┌─ Stored data

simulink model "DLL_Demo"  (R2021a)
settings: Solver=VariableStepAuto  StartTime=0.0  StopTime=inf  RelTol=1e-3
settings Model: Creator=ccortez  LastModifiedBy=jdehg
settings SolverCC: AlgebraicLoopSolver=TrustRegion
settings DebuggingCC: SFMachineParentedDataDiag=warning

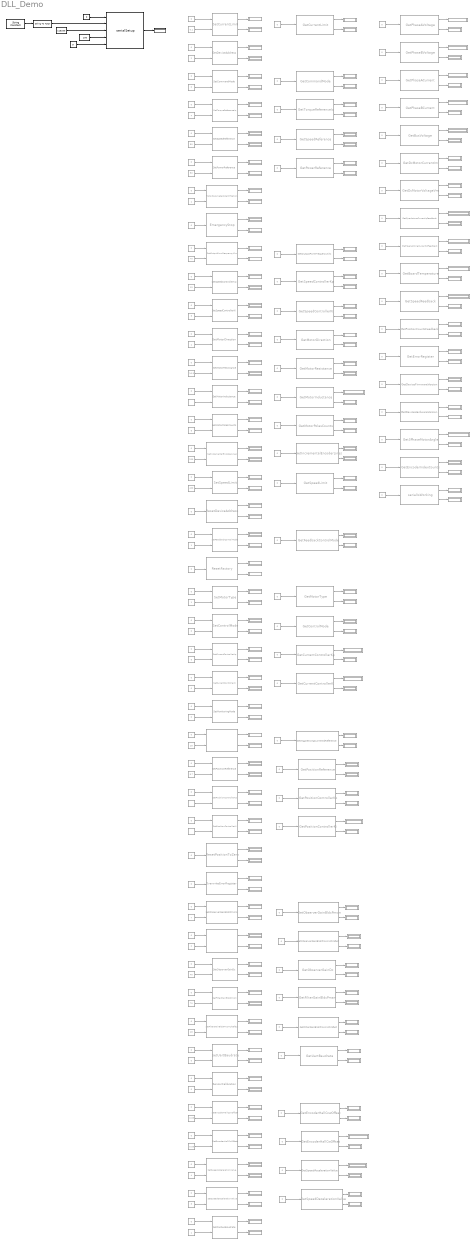
== system DLL_Demo ==
  note: Subsystem
  Constant1 : Constant  Value=115200  OutDataTypeStr=uint32
  Constant10 : Constant  Commented=on  Value=4  OutDataTypeStr=single
  Constant{2..3,6,8..9,11,15,17,19,21,23..24,26,28,30,32,34,36,38,40,42..43,45..48,50,52,54,56,58,60,62..64,66,68,70,72,74,76..78,80,82,84,86,88..136} (96 alike) : Constant  Commented=on  Value=0  OutDataTypeStr=uint8
  Constant12 : Constant  Value=100  OutDataTypeStr=double
  Constant13 : Constant  Value=5  OutDataTypeStr=int32
  Constant14 : Constant  Commented=on  Value=50  OutDataTypeStr=uint32
  Constant16 : Constant  Commented=on  Value=50  OutDataTypeStr=single
  Constant18 : Constant  Value=0  OutDataTypeStr=uint8
  Constant20 : Constant  Commented=on  OutDataTypeStr=boolean
  Constant22 : Constant  Commented=on  Value=70  OutDataTypeStr=uint32
  Constant25 : Constant  Commented=on  Value=13  OutDataTypeStr=single
  Constant27 : Constant  Commented=on  Value=9  OutDataTypeStr=single
  Constant29 : Constant  Commented=on  OutDataTypeStr=boolean
  Constant31 : Constant  Commented=on  Value=10.5  OutDataTypeStr=single
  Constant33 : Constant  Commented=on  Value=0.004  OutDataTypeStr=single
  Constant35 : Constant  Commented=on  Value=6  OutDataTypeStr=uint32
  Constant37 : Constant  Commented=on  Value=200  OutDataTypeStr=uint32
  Constant39 : Constant  Commented=on  Value=400  OutDataTypeStr=uint32
  Constant4 : Constant  Commented=on  Value=0.1  OutDataTypeStr=single
  Constant41 : Constant  Commented=on  OutDataTypeStr=uint8
  Constant44 : Constant  Commented=on  OutDataTypeStr=uint8
  Constant49 : Constant  Commented=on  Value=6  OutDataTypeStr=single
  Constant5 : Constant  Commented=on  Value=2  OutDataTypeStr=uint8
  Constant51 : Constant  Commented=on  Value=0  OutDataTypeStr=single
  Constant53 : Constant  Commented=on  Value=0  OutDataTypeStr=boolean
  Constant55 : Constant  Commented=on  Value=18  OutDataTypeStr=single
  Constant57 : Constant  Commented=on  Value=5.7  OutDataTypeStr=uint32
  Constant59 : Constant  Commented=on  Value=16.78  OutDataTypeStr=single
  Constant61 : Constant  Commented=on  Value=10.76  OutDataTypeStr=single
  Constant65 : Constant  Commented=on  Value=7  OutDataTypeStr=single
  Constant67 : Constant  Commented=on  Value=2  OutDataTypeStr=single
  Constant69 : Constant  Commented=on  Value=40  OutDataTypeStr=single
  Constant7 : Constant  Commented=on  Value=0  OutDataTypeStr=boolean
  Constant71 : Constant  Commented=on  Value=70  OutDataTypeStr=single
  Constant73 : Constant  Commented=on  Value=18  OutDataTypeStr=single
  Constant75 : Constant  Commented=on  Value=0  OutDataTypeStr=boolean
  Constant79 : Constant  Commented=on  Value=0.05  OutDataTypeStr=single
  Constant81 : Constant  Commented=on  Value=0.05  OutDataTypeStr=single
  Constant83 : Constant  Commented=on  Value=4  OutDataTypeStr=single
  Constant85 : Constant  Commented=on  Value=3  OutDataTypeStr=single
  Constant87 : Constant  Commented=on  OutDataTypeStr=uint8
  Display{1..4,6..189} (188 alike) : Display  Commented=on
      settings: Format=decimal (Stored Integer)
  Display5 : Display
      settings: Format=decimal (Stored Integer)
  S-Function Builder : S-Function  Priority=2  Commented=on  FunctionName=SetCurrentLimit  SFunctionModules=SetCurrentLimit_wrapper  SFunctionDeploymentMode=off  EnableBusSupport=off  mask(S-Function Builder){}
      mask help: Simulink:masks:SFunctionBuilder_MD
      mask init:
      | val = [[.9  0.75 0.75 1 1 .9 .9 1]',[1 1 0.75 0.75 .9 .9 1 .9]'];try , sys = get_param(gcb,'SfunBuilderFcnName');if isempty(sys), sys = get_param(gcb,'FunctionName'); end,catch, sys = get_param(gcb,'FunctionName'); end
      settings: CopyFcn=set_param(gcbh,'LinkStatus','none')  OpenFcn=sfunctionwizard(gcbh)
      mask Display: plot(val(:,1),val(:,2)),disp(sys),port_label('input',1,'Address'),port_label('input',2,'Value'),port_label('output',1,'Result'),port_label('output',2,'Error')
  S-Function Builder1 : S-Function  Priority=2  Commented=on  FunctionName=SetDeviceAddress  SFunctionModules=SetDeviceAddress_wrapper  SFunctionDeploymentMode=off  EnableBusSupport=off  mask(S-Function Builder){}
      mask help: Simulink:masks:SFunctionBuilder_MD
      mask init: same as DLL_Demo/S-Function Builder
      settings: CopyFcn=set_param(gcbh,'LinkStatus','none')  OpenFcn=sfunctionwizard(gcbh)
      mask Display: plot(val(:,1),val(:,2)),disp(sys),port_label('input',1,'Address'),port_label('input',2,'Value'),port_label('output',1,'Result'),port_label('output',2,'Error')
  S-Function Builder10 : S-Function  Priority=2  Commented=on  FunctionName=MotorParametersIdentification  SFunctionModules=MotorParametersIdentification_wrapper  SFunctionDeploymentMode=off  EnableBusSupport=off  mask(S-Function Builder){}
      mask help: Simulink:masks:SFunctionBuilder_MD
      mask init: same as DLL_Demo/S-Function Builder
      settings: CopyFcn=set_param(gcbh,'LinkStatus','none')  OpenFcn=sfunctionwizard(gcbh)
      mask Display: plot(val(:,1),val(:,2)),disp(sys),port_label('input',1,'Address'),port_label('input',2,'Value'),port_label('output',1,'Result'),port_label('output',2,'Error')
  S-Function Builder11 : S-Function  Priority=2  Commented=on  FunctionName=EmergencyStop  SFunctionModules=EmergencyStop_wrapper  SFunctionDeploymentMode=off  EnableBusSupport=off  mask(S-Function Builder){}
      mask help: Simulink:masks:SFunctionBuilder_MD
      mask init: same as DLL_Demo/S-Function Builder
      settings: CopyFcn=set_param(gcbh,'LinkStatus','none')  OpenFcn=sfunctionwizard(gcbh)
      mask Display:
      | plot(val(:,1),val(:,2))
      | disp(sys)
      | port_label('input',1,'Address')
      | port_label('output',1,'Result')
      | port_label('output',2,'Error')
  S-Function Builder12 : S-Function  Priority=2  Commented=on  FunctionName=SetOutputPwmFrequencyKhz  SFunctionModules=SetOutputPwmFrequencyKhz_wrapper  SFunctionDeploymentMode=off  EnableBusSupport=off  mask(S-Function Builder){}
      mask help: Simulink:masks:SFunctionBuilder_MD
      mask init: same as DLL_Demo/S-Function Builder
      settings: CopyFcn=set_param(gcbh,'LinkStatus','none')  OpenFcn=sfunctionwizard(gcbh)
      mask Display:
      | plot(val(:,1),val(:,2))
      | disp(sys)
      | port_label('input',1,'Address')
      | port_label('input',2,'Value')
      | port_label('output',1,'Result')
      | port_label('output',2,'Error')
  S-Function Builder13 : S-Function  Priority=2  Commented=on  FunctionName=SetSpeedControllerKp  SFunctionModules=SetSpeedControllerKp_wrapper  SFunctionDeploymentMode=off  EnableBusSupport=off  mask(S-Function Builder){}
      mask help: Simulink:masks:SFunctionBuilder_MD
      mask init: same as DLL_Demo/S-Function Builder
      settings: CopyFcn=set_param(gcbh,'LinkStatus','none')  OpenFcn=sfunctionwizard(gcbh)
      mask Display: plot(val(:,1),val(:,2)),disp(sys),port_label('input',1,'Address'),port_label('input',2,'Value'),port_label('output',1,'Result'),port_label('output',2,'Error')
  S-Function Builder14 : S-Function  Priority=2  Commented=on  FunctionName=SetSpeedControllerKi  SFunctionModules=SetSpeedControllerKi_wrapper  SFunctionDeploymentMode=off  EnableBusSupport=off  mask(S-Function Builder){}
      mask help: Simulink:masks:SFunctionBuilder_MD
      mask init: same as DLL_Demo/S-Function Builder
      settings: CopyFcn=set_param(gcbh,'LinkStatus','none')  OpenFcn=sfunctionwizard(gcbh)
      mask Display: plot(val(:,1),val(:,2)),disp(sys),port_label('input',1,'Address'),port_label('input',2,'Value'),port_label('output',1,'Result'),port_label('output',2,'Error')
  S-Function Builder15 : S-Function  Priority=2  Commented=on  FunctionName=SetMotorDirection  SFunctionModules=SetMotorDirection_wrapper  SFunctionDeploymentMode=off  EnableBusSupport=off  mask(S-Function Builder){}
      mask help: Simulink:masks:SFunctionBuilder_MD
      mask init: same as DLL_Demo/S-Function Builder
      settings: CopyFcn=set_param(gcbh,'LinkStatus','none')  OpenFcn=sfunctionwizard(gcbh)
      mask Display: plot(val(:,1),val(:,2)),disp(sys),port_label('input',1,'Address'),port_label('input',2,'Value'),port_label('output',1,'Result'),port_label('output',2,'Error')
  S-Function Builder16 : S-Function  Priority=2  Commented=on  FunctionName=SetMotorResistance  SFunctionModules=SetMotorResistance_wrapper  SFunctionDeploymentMode=off  EnableBusSupport=off  mask(S-Function Builder){}
      mask help: Simulink:masks:SFunctionBuilder_MD
      mask init: same as DLL_Demo/S-Function Builder
      settings: CopyFcn=set_param(gcbh,'LinkStatus','none')  OpenFcn=sfunctionwizard(gcbh)
      mask Display: plot(val(:,1),val(:,2)),disp(sys),port_label('input',1,'Address'),port_label('input',2,'Value'),port_label('output',1,'Result'),port_label('output',2,'Error')
  S-Function Builder17 : S-Function  Priority=2  Commented=on  FunctionName=SetMotorInductance  SFunctionModules=SetMotorInductance_wrapper  SFunctionDeploymentMode=off  EnableBusSupport=off  mask(S-Function Builder){}
      mask help: Simulink:masks:SFunctionBuilder_MD
      mask init: same as DLL_Demo/S-Function Builder
      settings: CopyFcn=set_param(gcbh,'LinkStatus','none')  OpenFcn=sfunctionwizard(gcbh)
      mask Display: plot(val(:,1),val(:,2)),disp(sys),port_label('input',1,'Address'),port_label('input',2,'Value'),port_label('output',1,'Result'),port_label('output',2,'Error')
  S-Function Builder18 : S-Function  Priority=2  Commented=on  FunctionName=SetMotorPolesCounts  SFunctionModules=SetMotorPolesCounts_wrapper  SFunctionDeploymentMode=off  EnableBusSupport=off  mask(S-Function Builder){}
      mask help: Simulink:masks:SFunctionBuilder_MD
      mask init: same as DLL_Demo/S-Function Builder
      settings: CopyFcn=set_param(gcbh,'LinkStatus','none')  OpenFcn=sfunctionwizard(gcbh)
      mask Display:
      | plot(val(:,1),val(:,2))
      | disp(sys)
      | port_label('input',1,'Address')
      | port_label('input',2,'Value')
      | port_label('output',1,'Result')
      | port_label('output',2,'Error')
  S-Function Builder19 : S-Function  Priority=2  Commented=on  FunctionName=SetIncrementalEncoderLines  SFunctionModules=SetIncrementalEncoderLines_wrapper  SFunctionDeploymentMode=off  EnableBusSupport=off  mask(S-Function Builder){}
      mask help: Simulink:masks:SFunctionBuilder_MD
      mask init: same as DLL_Demo/S-Function Builder
      settings: CopyFcn=set_param(gcbh,'LinkStatus','none')  OpenFcn=sfunctionwizard(gcbh)
      mask Display:
      | plot(val(:,1),val(:,2))
      | disp(sys)
      | port_label('input',1,'Address')
      | port_label('input',2,'Value')
      | port_label('output',1,'Result')
      | port_label('output',2,'Error')
  S-Function Builder2 : S-Function  Priority=2  Commented=on  FunctionName=SetCommandMode  SFunctionModules=SetCommandMode_wrapper  SFunctionDeploymentMode=off  EnableBusSupport=off  mask(S-Function Builder){}
      mask help: Simulink:masks:SFunctionBuilder_MD
      mask init: same as DLL_Demo/S-Function Builder
      settings: CopyFcn=set_param(gcbh,'LinkStatus','none')  OpenFcn=sfunctionwizard(gcbh)
      mask Display: plot(val(:,1),val(:,2)),disp(sys),port_label('input',1,'Address'),port_label('input',2,'Value'),port_label('output',1,'Result'),port_label('output',2,'Error')
  S-Function Builder20 : S-Function  Priority=2  Commented=on  FunctionName=SetSpeedLimit  SFunctionModules=SetSpeedLimit_wrapper  SFunctionDeploymentMode=off  EnableBusSupport=off  mask(S-Function Builder){}
      mask help: Simulink:masks:SFunctionBuilder_MD
      mask init: same as DLL_Demo/S-Function Builder
      settings: CopyFcn=set_param(gcbh,'LinkStatus','none')  OpenFcn=sfunctionwizard(gcbh)
      mask Display:
      | plot(val(:,1),val(:,2))
      | disp(sys)
      | port_label('input',1,'Address')
      | port_label('input',2,'Value')
      | port_label('output',1,'Result')
      | port_label('output',2,'Error')
  S-Function Builder21 : S-Function  Priority=2  Commented=on  FunctionName=SetFeedbackControlMode  SFunctionModules=SetFeedbackControlMode_wrapper  SFunctionDeploymentMode=off  EnableBusSupport=off  mask(S-Function Builder){}
      mask help: Simulink:masks:SFunctionBuilder_MD
      mask init: same as DLL_Demo/S-Function Builder
      settings: CopyFcn=set_param(gcbh,'LinkStatus','none')  OpenFcn=sfunctionwizard(gcbh)
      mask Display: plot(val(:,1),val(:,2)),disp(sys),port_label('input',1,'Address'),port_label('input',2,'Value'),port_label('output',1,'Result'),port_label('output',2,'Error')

└─

▸ Your instructions
Above are the records; copy exactly the lines from the line with "Constant14 : Constant" through the line with "Constant53 : Constant", both included.

▸ Answer space
  Constant14 : Constant  Commented=on  Value=50  OutDataTypeStr=uint32
  Constant16 : Constant  Commented=on  Value=50  OutDataTypeStr=single
  Constant18 : Constant  Value=0  OutDataTypeStr=uint8
  Constant20 : Constant  Commented=on  OutDataTypeStr=boolean
  Constant22 : Constant  Commented=on  Value=70  OutDataTypeStr=uint32
  Constant25 : Constant  Commented=on  Value=13  OutDataTypeStr=single
  Constant27 : Constant  Commented=on  Value=9  OutDataTypeStr=single
  Constant29 : Constant  Commented=on  OutDataTypeStr=boolean
  Constant31 : Constant  Commented=on  Value=10.5  OutDataTypeStr=single
  Constant33 : Constant  Commented=on  Value=0.004  OutDataTypeStr=single
  Constant35 : Constant  Commented=on  Value=6  OutDataTypeStr=uint32
  Constant37 : Constant  Commented=on  Value=200  OutDataTypeStr=uint32
  Constant39 : Constant  Commented=on  Value=400  OutDataTypeStr=uint32
  Constant4 : Constant  Commented=on  Value=0.1  OutDataTypeStr=single
  Constant41 : Constant  Commented=on  OutDataTypeStr=uint8
  Constant44 : Constant  Commented=on  OutDataTypeStr=uint8
  Constant49 : Constant  Commented=on  Value=6  OutDataTypeStr=single
  Constant5 : Constant  Commented=on  Value=2  OutDataTypeStr=uint8
  Constant51 : Constant  Commented=on  Value=0  OutDataTypeStr=single
  Constant53 : Constant  Commented=on  Value=0  OutDataTypeStr=boolean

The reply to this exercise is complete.